--- START ---
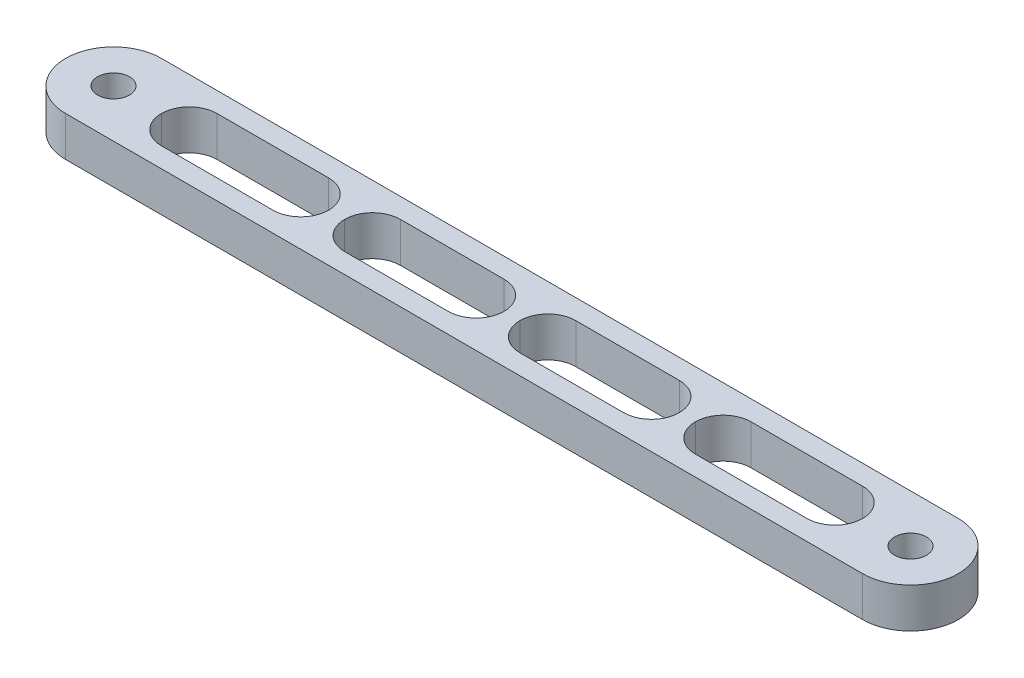
SolidWorks part; units mm, degrees
material "6063-T83"
ref_plane "Front Plane" through (0, 0, 0) normal (0, 0, 1) x (1, 0, 0)
ref_plane "Top Plane" through (0, 0, 0) normal (0, 1, 0) x (1, 0, 0)
ref_plane "Right Plane" through (0, 0, 0) normal (1, 0, 0) x (0, 0, -1)
sketch "Sketch1" plane through (0, 0, 0) normal (0, 1, 0) x (1, 0, 0)
  line L0 (-100, 7) -> (-100, -7) construction
  line L1 (-190.2532, -7) -> (-9.7468, -7) construction
  line L2 (-9.7468, 7) -> (-190.2532, 7) construction
  line L3 (-200, 12) -> (0, 12)
  line L5 (-56, 7) -> (-56, -7) construction
  line L6 (-188, 0) -> (-100, 0) construction
  line L7 (-100, 0) -> (-12, 0) construction
  line L8 (-144, 7) -> (-144, -7) construction
  line L9 (-188, 7) -> (-188, -7)
  line L10 (-146, 7) -> (-146, -7)
  line L11 (-142, 7) -> (-142, -7)
  line L12 (-102, 7) -> (-102, -7)
  line L13 (-98, 7) -> (-98, -7)
  line L14 (-58, 7) -> (-58, -7)
  line L15 (-54, 7) -> (-54, -7)
  line L16 (-12, 7) -> (-12, -7)
  line L17 (-146, 7) -> (-188, 7)
  line L18 (-188, -7) -> (-146, -7)
  line L19 (-142, -7) -> (-102, -7)
  line L20 (-102, 7) -> (-142, 7)
  line L21 (-98, 7) -> (-58, 7)
  line L22 (-98, -7) -> (-58, -7)
  line L23 (-54, -7) -> (-12, -7)
  line L24 (-54, 7) -> (-12, 7)
  line L25 (-200, 0) -> (-268.2656, 0) construction
  line L27 (-309.6741, -7) -> (-309.6741, 7) construction
  line L28 (-309.6741, 7) -> (-209.7468, 7) construction
  line L29 (-309.6741, -7) -> (-209.7468, -7) construction
  line L30 (-200, -12) -> (0, -12)
  circle A0 centre (0, 0) radius 12 construction
  circle A1 centre (-200, 0) radius 12 construction
  circle A2 centre (-200, 0) radius 4
  circle A3 centre (0, 0) radius 4
  arc A5 (0, -12) -> (0, 12) centre (0, 0) ccw
  arc A7 (-209.7468, 7) -> (-200, 12) centre (-200, 0) cw
  arc A8 (-200, -12) -> (-209.7468, -7) centre (-200, 0) cw
  circle A9 centre (-304.6741, 2) radius 2 construction
  arc A10 (-209.7468, 7) -> (-209.7468, -7) centre (-200, 0) ccw
  point P22 (-144, 0)
  point P28 (-56, 0)
  dimension "D2" = 24
  dimension "D3" = 24
  dimension "D4" = 8
  dimension "D5" = 8
  dimension "D18" = 4
  dimension "D1" = 200
  dimension "D6" = 5
  dimension "D7" = 5
  dimension "D8" = 7
  dimension "D9" = 7
  dimension "D10" = 2
  dimension "D11" = 2
  dimension "D12" = 2
  dimension "D13" = 2
  dimension "D14" = 2
  dimension "D15" = 2
  dimension "D16" = 5
  dimension "D17" = 5
extrude "Boss-Extrude1" add sketch "Sketch1" along normal blind 10
fillet "Fillet1" radius 7 16 edges at (-142, 5, -7) (-98, 5, -7) (-54, 5, -7) (-58, 5, -7) (-12, 5, -7) (-102, 5, -7) (-146, 5, -7) (-146, 5, 7) (-102, 5, 7) (-58, 5, 7) (-12, 5, 7) (-54, 5, 7) (-98, 5, 7) (-142, 5, 7) (-188, 5, 7) (-188, 5, -7)
--- END ---
Find the lines of the listing above that hold "normal". Please copy them.

ref_plane "Front Plane" through (0, 0, 0) normal (0, 0, 1) x (1, 0, 0)
ref_plane "Top Plane" through (0, 0, 0) normal (0, 1, 0) x (1, 0, 0)
ref_plane "Right Plane" through (0, 0, 0) normal (1, 0, 0) x (0, 0, -1)
sketch "Sketch1" plane through (0, 0, 0) normal (0, 1, 0) x (1, 0, 0)
extrude "Boss-Extrude1" add sketch "Sketch1" along normal blind 10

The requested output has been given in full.